Exercise details:
Go through the entries below and print, exactly, the lines starting at the one with "mask DialogControl Control7 Prompt: Snubber" and ending at the one with "mask DialogControl Control48", keeping both ends and no others.

------------------------------------------------

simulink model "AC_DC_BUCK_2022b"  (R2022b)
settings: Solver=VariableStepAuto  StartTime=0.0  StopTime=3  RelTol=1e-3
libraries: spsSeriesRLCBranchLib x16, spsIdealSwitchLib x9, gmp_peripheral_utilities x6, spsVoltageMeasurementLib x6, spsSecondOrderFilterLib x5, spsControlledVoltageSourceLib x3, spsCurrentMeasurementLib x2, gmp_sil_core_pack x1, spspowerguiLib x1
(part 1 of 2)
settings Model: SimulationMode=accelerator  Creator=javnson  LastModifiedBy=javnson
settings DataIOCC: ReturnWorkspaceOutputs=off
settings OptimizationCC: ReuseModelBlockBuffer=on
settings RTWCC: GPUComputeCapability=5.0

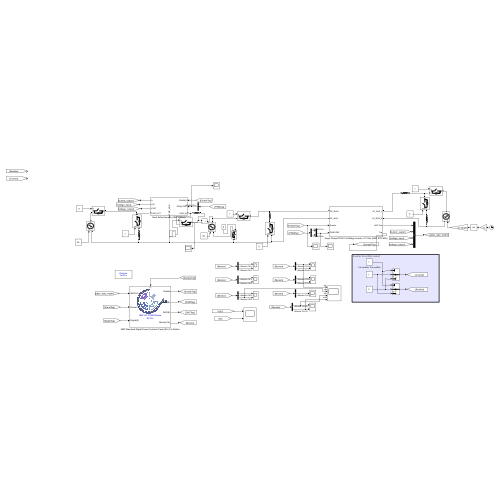
[thumbnail: Simulink's stored preview of the top-level diagram]
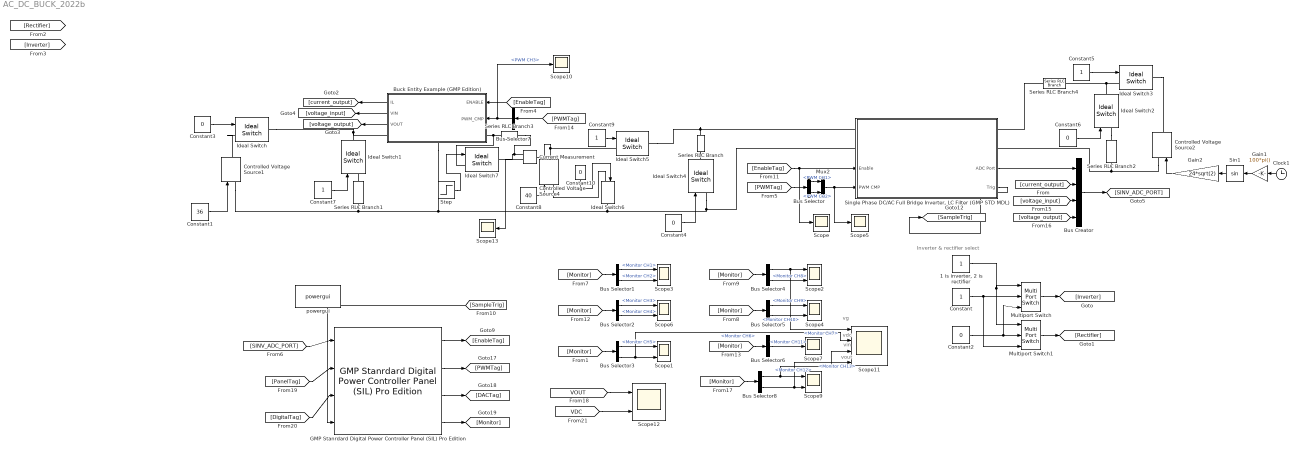
== system AC_DC_BUCK_2022b ==
  note: vout
  note: vin
  note: vg
  note: vdc
  note: Inverter & rectifier select
  "1 is inverter, 2 is rectifier" : Constant
  Buck Entity Example (GMP Edition) : Subsystem  mask{Cin=680e-6, Cout=680e-6, L=50e-6, RL=1e-3, RCin=0.1, RCout=100e-6, Cout2=680e-6, RCout2=1e-4, Voadc_bias=0, Voadc_fs=120, ADC_RES=16, Viadc_fs=120, Viadc_bias=0, Iladc_fs=60, Iadc_bias=30, fswitch=20e3, CMP_MAX=4200-1, DB_UP=100, DB_DW=100, Rds_on=0.02, Lon=0, Rd=0.01, Vf=0.3, Rs=1e5, Cs=inf}
      settings: PortSchema="{\"entries\":[{\"content\":{\"sides\":[{\"content\":{\"connectorIds\":[\"In1\",\"In2\",\"LConn1\"]},\"type\":\"ConnectorPlacement.EquallySpacedRectSide\",\"uuid\":\"3dc1f0aa-256b-4eee-9ab4-ff52cb056450\"},{\"content\":{\"connectorIds\":[\"Out1\",\"Out2\",\"Out3\",\"RConn1\"],\"side\":\"RIGHT\"},\"type\":\"ConnectorPlacement.EquallySpacedRectSide\",\"uuid\":\"c182f68c-961e-48e9-b450-8a2d07cca989\"},{\"content\":{\"connectorIds\":[],\"side\":\"TOP\"},\"type\":\"ConnectorPlacement.EquallySpacedRectSide\",\"uuid\":\"77cafdf0-ba99-4ec6-a003-27712a389068\"},{\"content\":{\"connectorIds\":[\"RConn2\"],\"side\":\"BOTTOM\"},\"type\":\"ConnectorPlacement.EquallySpacedRectSide\",\"uuid\":\"1cb5a4dc-5d4b-4bbe-a9bd-2c66268ddaed\"}]},\"type\":\"ConnectorPlacement.EquallySpacedConnector\",\"uuid\":\"ec8c1d3d-5436-4386-91dc-89cedd685bc0\"}],\"packageUris\":[\"http://schema.mathworks.com/mf0/Connector/R2020b\"],\"version\":\"1.0\"}"
      mask DialogControl Container4 Prompt: Main Circuit
      mask DialogControl Control2 Prompt: Input port Capacitor, unit F
      mask DialogControl Control3 Prompt: Ouput port Capacitor, unit F
      mask DialogControl Control4 Prompt: Filter Inductor, unit H
      mask DialogControl Container6 Prompt: Other Parameters
      mask DialogControl Control5 Prompt: Resistance of Inductor, unit Ohm
      mask DialogControl Control9 Prompt: Resistance of input Capacitor, unit Ohm
      mask DialogControl Control6 Prompt: Resistance of output Capacitor, unit Ohm
      mask DialogControl Control7 Prompt: Low resistance output Capacitor branch, Capacitor, unit F
      mask DialogControl Control8 Prompt: Low resistance output capacitor branch, resistance of capacitor, unit Ohm
      mask DialogControl Container5 Prompt: Sensor
      mask DialogControl Control15 Prompt: Output Voltage ADC, Bias Voltage, unit V
      mask DialogControl Control14 Prompt: Output Voltage ADC, Full Scale Voltage, unit V
      mask DialogControl Control10 Prompt: ADC resolution, bits
      mask DialogControl Control11 Prompt: Input Voltage ADC, Full Scale Voltage, unit V
      mask DialogControl Control12 Prompt: Input Voltage ADC, Bias Voltage, unit V
      mask DialogControl Control13 Prompt: Indctor Current ADC, Full Scale, unit A
      mask DialogControl Control16 Prompt: Inductor Current ADC, Bias Current, unit A
      mask DialogControl Container7 Prompt: PWM Modulator
      mask DialogControl Control17 Prompt: PWM frequency, unit Hz
      mask DialogControl Control18 Prompt: Full Scale PWM Compare value
      mask DialogControl Control19 Prompt: Deadband Setting
      mask DialogControl Container8 Prompt: MOSFET
      mask DialogControl Control20 Prompt: Rds(on), unit Ohm
      mask DialogControl Control21 Prompt: Internal diode inductance, unit H
      mask DialogControl Control22 Prompt: Internal diode resistance Rd, unit Ohm
      mask DialogControl Control23 Prompt: Internal diode forward voltage Vf, unit V
      mask DialogControl Control24 Prompt: Snubber resistance Rs, unit Ohm
      mask DialogControl Control25 Prompt: Snubber Capacitance Cs, unit F
  Bus Creator : BusCreator  Inputs=4
  Bus Selector : BusSelector  OutputSignals=PWM CH1,PWM CH2
  Bus Selector1 : BusSelector  OutputSignals=Monitor CH1,Monitor CH2
  Bus Selector2 : BusSelector  OutputSignals=Monitor CH3,Monitor CH4
  Bus Selector3 : BusSelector  OutputSignals=Monitor CH5,Monitor CH6
  Bus Selector4 : BusSelector  OutputSignals=Monitor CH7,Monitor CH8
  Bus Selector5 : BusSelector  OutputSignals=Monitor CH9,Monitor CH10
  Bus Selector6 : BusSelector  OutputSignals=Monitor CH11
  Bus Selector7 : BusSelector  OutputSignals=PWM CH3
  Bus Selector8 : BusSelector  OutputSignals=Monitor CH12,Monitor CH13
  Clock1 : Clock
  Constant{,5,7,9} (4 alike) : Constant
  Constant1 : Constant  Value=36
  Constant{2..4,6,10} (5 alike) : Constant  Value=0
  Constant8 : Constant  Value=40
  Controlled Voltage Source1 : spsControlledVoltageSourceLib/Controlled Voltage Source  Initialize=on  Source_Type=AC  Amplitude=0  Phase=0  Frequency=0  Measurements=None
  Controlled Voltage Source2 : spsControlledVoltageSourceLib/Controlled Voltage Source  Initialize=on  Source_Type=AC  Amplitude=0  Phase=0  Frequency=0  Measurements=None
  Controlled Voltage Source4 : spsControlledVoltageSourceLib/Controlled Voltage Source  Initialize=on  Source_Type=AC  Amplitude=0  Phase=0  Frequency=0  Measurements=None
  Current Measurement : spsCurrentMeasurementLib/Current Measurement  PhasorSimulation=off  OutputType=Complex  PSBequivalent=0
  GMP Stanrdard Digital Power Controller Panel (SIL) Pro Edition : gmp_sil_core_pack/GMP Stanrdard Digital Power Controller Panel (SIL) Pro Edition
      settings: SourceProductName=GMP SIL Core Utilities
  Gain1 : Gain  Gain=100*pi()
  Gain2 : Gain  Gain=24*sqrt(2)
  Ideal Switch{,1..7} (8 alike) : spsIdealSwitchLib/Ideal Switch  Ron=0.001  Lon=0  IC=0  Rs=1e5  Cs=inf  Measurements=off
  Multiport Switch : MultiPortSwitch  Inputs=2  SaturateOnIntegerOverflow=off  InputSameDT=off
  Multiport Switch1 : MultiPortSwitch  Inputs=2  SaturateOnIntegerOverflow=off  InputSameDT=off
  Mux2 : Mux  Inputs=2
  Scope{,5,7,10,13} (5 alike) : Scope
  Scope{1..4,6,9,12} (7 alike) : Scope  NumInputPorts=2
  Scope11 : Scope  NumInputPorts=4
  Series RLC Branch : spsSeriesRLCBranchLib/Series RLC Branch  LConnTagsString=__new0  RConnTagsString=__new0  BranchType=R  Resistance=100  Inductance=1e-3  SetiL0=off  InitialCurrent=0  Capacitance=1e-6  Setx0=off  InitialVoltage=0  Measurements=None
  Series RLC Branch1 : spsSeriesRLCBranchLib/Series RLC Branch  LConnTagsString=__new0  RConnTagsString=__new0  BranchType=R  Resistance=200  Inductance=1e-3  SetiL0=off  InitialCurrent=0  Capacitance=1e-6  Setx0=off  InitialVoltage=0  Measurements=None
  Series RLC Branch2 : spsSeriesRLCBranchLib/Series RLC Branch  LConnTagsString=__new0  RConnTagsString=__new0  BranchType=R  Resistance=18  Inductance=1e-3  SetiL0=off  InitialCurrent=0  Capacitance=1e-6  Setx0=off  InitialVoltage=0  Measurements=None
  Series RLC Branch3 : spsSeriesRLCBranchLib/Series RLC Branch  LConnTagsString=__new0  RConnTagsString=__new0  BranchType=R  Resistance=100  Inductance=1e-3  SetiL0=off  InitialCurrent=0  Capacitance=1e-6  Setx0=off  InitialVoltage=0  Measurements=None
  Series RLC Branch4 : spsSeriesRLCBranchLib/Series RLC Branch  LConnTagsString=__new0  RConnTagsString=__new0  BranchType=R  Resistance=2  Inductance=1e-3  SetiL0=off  InitialCurrent=0  Capacitance=1e-6  Setx0=off  InitialVoltage=0  Measurements=None
  Sin1 : Trigonometry
  "Single Phase DC/AC Full Bridge Inverter, LC Filter (GMP STD MDL)" : Subsystem  mask(Standard Single Phase DC/AC inverter / rectifier){R_mosfet_on=4.6e-3, Lon=0, Rd=0.01, Vf=0.5, Rs=1e5, Cs=inf, ACF_L=680e-6*2, ACF_L_ESR=0.05, ACF_C=10e-6, ACF_C_ESR=0.02, ACF_C_EPR=100e3, DC_CAP=680e-6, DC_CAP_ESR=0.05, DC_CAP_EPR=10e3, fswitch=20e3, CMP_MAX=4200-1, Deadband_Upper=80, Deadband_Lower=80, phase_shift=0, ADC_Resolution=12, DC_Voltage_Gain=2.2 / 202.2, DC_VOLTAGE_ADC_REFERENCE=2.5, DC_VOLTAGE_ADC_BIAS=0.9966, DC_VOLTAGE_ADC_CUT_FREQ=1.5e3, DC_BUS_CURRENT_SENSOR_R=0.005, DC_Current_Gain=20, DC_CURRENT_ADC_REFERENCE=2.5, DC_CURRENT_ADC_BIAS=0.9, DC_CURRENT_ADC_CUT_FREQ=1.5e3, AC_Voltage_Gain=2.2 / 202.2, AC_VOLTAGE_ADC_REFERENCE=2.5, AC_VOLTAGE_ADC_BIAS=0.9966, AC_VOLTAGE_ADC_CUT_FREQ=1.5e3, AC_Current_Gain=0.005 * 20, AC_CURRENT_ADC_REFERENCE=2.5, AC_CURRENT_ADC_BIAS=0.9, AC_CURRENT_ADC_INIT=0, CAP_CURRENT_SENSOR_R=0.005, CAP_Current_Gain=20, CAP_CURRENT_ADC_REFERENCE=2.5, CAP_CURRENT_ADC_BIAS=0.9, CAP_CURRENT_ADC_CUT_FREQ=1.5e3, GRID_CURRENT_SENSOR_R=0.005, Grid_Current_Gain=20, GRID_CURRENT_ADC_REFERENCE=2.5, GRID_CURRENT_ADC_BIAS=0.9, GRID_CURRENT_ADC_CUT_FREQ=1.5e3}
      mask prompts: ADC_Resolution "ADC_BIT:"; DC_Voltage_Gain "ADC_GAIN:"; DC_VOLTAGE_ADC_REFERENCE "ADC_REFERENCE:"; DC_VOLTAGE_ADC_BIAS "ADC_BIAS:"; DC_VOLTAGE_ADC_CUT_FREQ "cut_frequency:"; DC_Current_Gain "ADC_GAIN:"; DC_CURRENT_ADC_REFERENCE "ADC_REFERENCE:"; DC_CURRENT_ADC_BIAS "ADC_BIAS:"; DC_CURRENT_ADC_CUT_FREQ "ADC_FILTER:"; AC_Voltage_Gain "ADC_GAIN:"; AC_VOLTAGE_ADC_REFERENCE "ADC_REFERENCE:"; AC_VOLTAGE_ADC_BIAS "ADC_BIAS:"; AC_VOLTAGE_ADC_CUT_FREQ "cut_frequency:"; AC_Current_Gain "ADC_GAIN:"; AC_CURRENT_ADC_REFERENCE "ADC_REFERENCE:"; AC_CURRENT_ADC_BIAS "ADC_BIAS:"; AC_CURRENT_ADC_INIT "ADC_INIT:"; CAP_CURRENT_SENSOR_R "CAP_BUS_CURRENT_SENSOR_R:"; CAP_Current_Gain "ADC_GAIN:"; CAP_CURRENT_ADC_REFERENCE "ADC_REFERENCE:"; CAP_CURRENT_ADC_BIAS "ADC_BIAS:"; CAP_CURRENT_ADC_CUT_FREQ "ADC_FILTER:"; GRID_CURRENT_SENSOR_R "DC_BUS_CURRENT_SENSOR_R:"; Grid_Current_Gain "ADC_GAIN:"; GRID_CURRENT_ADC_REFERENCE "ADC_REFERENCE:"; GRID_CURRENT_ADC_BIAS "ADC_BIAS:"; GRID_CURRENT_ADC_CUT_FREQ "ADC_FILTER:"
      mask help: This module takes the inverter direction as the positive direction.
      settings: PortSchema="{\"entries\":[{\"content\":{\"sides\":[{\"content\":{\"connectorIds\":[\"LConn1\",\"LConn2\",\"In1\",\"In2\"]},\"type\":\"ConnectorPlacement.EquallySpacedRectSide\",\"uuid\":\"0e3e6e75-5e1a-455b-8a22-c69d0a4261ca\"},{\"content\":{\"connectorIds\":[\"RConn1\",\"RConn2\",\"Out1\",\"Out2\"],\"side\":\"RIGHT\"},\"type\":\"ConnectorPlacement.EquallySpacedRectSide\",\"uuid\":\"20326781-9238-4fea-80fd-ba96906d5d3f\"},{\"content\":{\"side\":\"TOP\"},\"type\":\"ConnectorPlacement.EquallySpacedRectSide\",\"uuid\":\"9e3289d3-0bee-4337-807b-c293a46cda9c\"}]},\"type\":\"ConnectorPlacement.EquallySpacedConnector\",\"uuid\":\"56bb35ad-d602-4874-b9bf-b95a81ef662c\"}],\"packageUris\":[\"http://schema.mathworks.com/mf0/Connector/R2020b\"],\"version\":\"1.0\"}"
      mask DialogControl ParameterGroupVar Prompt: 参数
      mask DialogControl Container4 Prompt: Component Parameters
      mask DialogControl Container7 Prompt: MOSFET
      mask DialogControl Control2 Prompt: Rds(on), unit Ohm
      mask DialogControl Control3 Prompt: Internal diode inducctance, unit H
      mask DialogControl Control4 Prompt: Internal diode resistance Rd, unit Ohm
      mask DialogControl Control5 Prompt: Internal diode forward voltage Vf, unit V
      mask DialogControl Control6 Prompt: Snubber resistance Rs, unit ohm
      mask DialogControl Control7 Prompt: Snubber Capacitance Cs, unit F
      mask DialogControl Container8 Prompt: LC Filter
      mask DialogControl Container20 Prompt: Filter Inductor
      mask DialogControl Control8 Prompt: AC Bus Filter Inductor (H)
      mask DialogControl Control42 Prompt: AC Bus Filter Inductor, ESR (Ohm)
      mask DialogControl Container21 Prompt: Filter Capcitor
      mask DialogControl Control43 Prompt: AC Bus Filter Capacitor (F)
      mask DialogControl Control44 Prompt: AC Bus Filter Capacitor, ESR (Ohm)
      mask DialogControl Control45 Prompt: AC Bus Filter Capacitor, EPR (Ohm)
      mask DialogControl Container22 Prompt: DC Bus Capacitor
      mask DialogControl Control46 Prompt: DC Bus Capacitor (F)
      mask DialogControl Control47 Prompt: DC Bus Capacitor, ESR (Ohm)
      mask DialogControl Control48 Prompt: DC Bus Capacitor, EPR (Ohm)
      mask DialogControl Container5 Prompt: PWM Parameers
      mask DialogControl Control9 Prompt: PWM Frequency (Hz):
      mask DialogControl Control10 Prompt: Full Scale PWM Compare value:
      mask DialogControl Control11 Prompt: (whole period is 2 * CMP_MAX ticks)
      mask DialogControl Control12 Prompt: Deadband Range Set (CMP Value):
      mask DialogControl Control13 Prompt: Single side deadband time: DEADBAND_CMP/2/CMP_MAX/fswitch
      mask DialogControl Control14 Prompt: Initial Phase Shift, unit rad
      mask DialogControl Container6 Prompt: ADC Parameters
      mask DialogControl Container14 Prompt: ADC Device
      mask DialogControl Control15 Prompt: ADC resolution:
      mask DialogControl Container15 Prompt: DC Side Voltage Sensor
      mask DialogControl Control16 Prompt: ADC Voltage Gain (Scale Factor):
      mask DialogControl Control17 Prompt: ADC reference Voltage(V)
      mask DialogControl Control18 Prompt: ADC Bias Voltage(V)
      mask DialogControl Control19 Prompt: Voltage Filter cut frequency (Hz):
      mask DialogControl Control20 Prompt: Generally, this value less than switch frequency / 10, greater than motor normal frequency * 3
      mask DialogControl Container16 Prompt: DC Side Current Sensor
      mask DialogControl Control26 Prompt: DC Bus Current Sensor Resistance
      mask DialogControl Control34 Prompt: ADC Current Gain (Scale Factor):
      mask DialogControl Control27 Prompt: ADC reference Voltage(V), ADC full scale current (when gain = 1)
      mask DialogControl Control28 Prompt: ADC Bias Current(A)
      mask DialogControl Control35 Prompt: Voltage Filter cut frequency (Hz):
      mask DialogControl Control36 Prompt: Generally, this value less than switch frequency / 10, greater than motor normal frequency * 3
      mask DialogControl Container17 Prompt: AC Side Voltage Sensor
      mask DialogControl Control16_copy Prompt: ADC Voltage Gain (Scale Factor):
      mask DialogControl Control17_copy Prompt: ADC reference Voltage(V)
      mask DialogControl Control18_copy Prompt: ADC Bias Voltage(V)
      mask DialogControl Control19_copy Prompt: Voltage Filter cut frequency (Hz):
      mask DialogControl Control20_copy Prompt: Generally, this value less than switch frequency / 10, greater than motor normal frequency * 3
      mask DialogControl Container18 Prompt: AC Side Current Sensor
      mask DialogControl Control26_copy Prompt: ADC Current Gain (Scale Factor):
      mask DialogControl Control27_copy Prompt: ADC reference Current(A), ADC full scale current (when gain = 1)
      mask DialogControl Control28_copy Prompt: ADC Bias Current(A)
      mask DialogControl Control29_copy Prompt: ADC initial Current Output(A)
      mask DialogControl Container19 Prompt: Capcitor Current Sensor
      mask DialogControl Control26_copy_copy Prompt: Filter Capacitor Current Sensor Resistance
      mask DialogControl Control34_copy Prompt: ADC Current Gain (Scale Factor):
      mask DialogControl Control27_copy_copy Prompt: ADC reference Voltage(V), ADC full scale current (when gain = 1)
      mask DialogControl Control28_copy_copy Prompt: ADC Bias Current(V)
      mask DialogControl Control35_copy Prompt: Voltage Filter cut frequency (Hz):
      mask DialogControl Control36_copy Prompt: Generally, this value less than switch frequency / 10, greater than motor normal frequency * 3
      mask DialogControl Container23 Prompt: Grid Current Sensor
      mask DialogControl Control26_copy_copy_copy Prompt: Grid Bus Current Sensor Resistance
      mask DialogControl Control34_copy_copy Prompt: ADC Current Gain (Scale Factor):
      mask DialogControl Control27_copy_copy_copy Prompt: ADC reference Voltage(V), ADC full scale current (when gain = 1)
      mask DialogControl Control28_copy_copy_copy Prompt: ADC Bias Current(V)
      mask DialogControl Control35_copy_copy Prompt: Voltage Filter cut frequency (Hz):
      mask DialogControl Control36_copy_copy Prompt: Generally, this value less than switch frequency / 10, greater than motor normal frequency * 3
  Step : Step  Before=1  SampleTime=0
  powergui : spspowerguiLib/powergui  Priority=1  SimulationMode=Discrete  SampleTime=1e-6  frequency=60  Iterations=50  frequencyindice=0  Pbase=100e6  ErrMax=1e-4  UnitsV=kV  UnitsW=MW  buscounter=0  FunctionMessages=off  echomessages=off  EnableUseOfTLC=off  CurrentSourceSwitches=off  DisableSnubberDevices=off  DisableRonSwitches=off  DisableVfSwitches=off  DisplayEquations=off  AutomaticDiscreteSolvers=off  SolverType=Tustin/Backward Euler (TBE)  Interpol=off  ExternalGateDelay=off  methode=off  Ts=100  x0status=blocks  SPID=on  SwTol=0  HookPort=off  NonlinearTolerance=1e-4  nMaxIteration=100  ContinueOnMaxIteration=off  RestoreLinks=warning  ResistiveCurrentMeasurement=off  Frange=[0:2:500]  Ylog=off  Xlog=on  ShowGrid=off  save=off  variable=ZData  structure=0  ZoomFFT=off  StartTime=0.0  cycles=1  DisplayStyle=1  fundamental=60  FreqAxis=off  MaxFrequency=1000  frequencyindicesteady=1  RmsSteady=1  display=off
  wires:
  Constant1/1 -> Controlled Voltage Source1/1
  [EnableTag] -> Scope/1, "Single Phase DC/AC Full Bridge Inverter, LC Filter (GMP STD MDL)"/1(Enable)
  "Single Phase DC/AC Full Bridge Inverter, LC Filter (GMP STD MDL)"/2(Trig) -> [SampleTrig]
  Gain1/1 -> Sin1/1
  Clock1/1 -> Gain1/1
  Sin1/1 -> Gain2/1
  Gain2/1 -> Controlled Voltage Source2/1
  [SampleTrig] -> GMP Stanrdard Digital Power Controller Panel (SIL) Pro Edition/4
  GMP Stanrdard Digital Power Controller Panel (SIL) Pro Edition/1 -> [EnableTag]
  GMP Stanrdard Digital Power Controller Panel (SIL) Pro Edition/2 -> [PWMTag]
  GMP Stanrdard Digital Power Controller Panel (SIL) Pro Edition/3 -> [DACTag]
  GMP Stanrdard Digital Power Controller Panel (SIL) Pro Edition/4 -> [Monitor]
  [SINV_ADC_PORT] -> GMP Stanrdard Digital Power Controller Panel (SIL) Pro Edition/1
  [PanelTag] -> GMP Stanrdard Digital Power Controller Panel (SIL) Pro Edition/2
  [DigitalTag] -> GMP Stanrdard Digital Power Controller Panel (SIL) Pro Edition/3
  [PWMTag] -> Bus Selector/1
  Bus Selector/1 -> Mux2/1  "<PWM CH1>"
  Bus Selector/2 -> Mux2/2  "<PWM CH2>"
  Mux2/1 -> Scope5/1, "Single Phase DC/AC Full Bridge Inverter, LC Filter (GMP STD MDL)"/2(PWM CMP)
  [Monitor] -> Bus Selector1/1
  Bus Selector1/1 -> Scope3/1  "<Monitor CH1>"
  Bus Selector1/2 -> Scope3/2  "<Monitor CH2>"
  [Monitor] -> Bus Selector2/1
  Bus Selector2/1 -> Scope6/1  "<Monitor CH3>"
  Bus Selector2/2 -> Scope6/2  "<Monitor CH4>"
  Bus Selector3/2 -> Scope11/2, Scope1/2  "<Monitor CH6>"
  Bus Selector3/1 -> Scope1/1  "<Monitor CH5>"
  [Monitor] -> Bus Selector3/1
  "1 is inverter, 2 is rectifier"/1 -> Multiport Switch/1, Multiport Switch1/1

------------------------------------------------

Response to the exercise:
      mask DialogControl Control7 Prompt: Snubber Capacitance Cs, unit F
      mask DialogControl Container8 Prompt: LC Filter
      mask DialogControl Container20 Prompt: Filter Inductor
      mask DialogControl Control8 Prompt: AC Bus Filter Inductor (H)
      mask DialogControl Control42 Prompt: AC Bus Filter Inductor, ESR (Ohm)
      mask DialogControl Container21 Prompt: Filter Capcitor
      mask DialogControl Control43 Prompt: AC Bus Filter Capacitor (F)
      mask DialogControl Control44 Prompt: AC Bus Filter Capacitor, ESR (Ohm)
      mask DialogControl Control45 Prompt: AC Bus Filter Capacitor, EPR (Ohm)
      mask DialogControl Container22 Prompt: DC Bus Capacitor
      mask DialogControl Control46 Prompt: DC Bus Capacitor (F)
      mask DialogControl Control47 Prompt: DC Bus Capacitor, ESR (Ohm)
      mask DialogControl Control48 Prompt: DC Bus Capacitor, EPR (Ohm)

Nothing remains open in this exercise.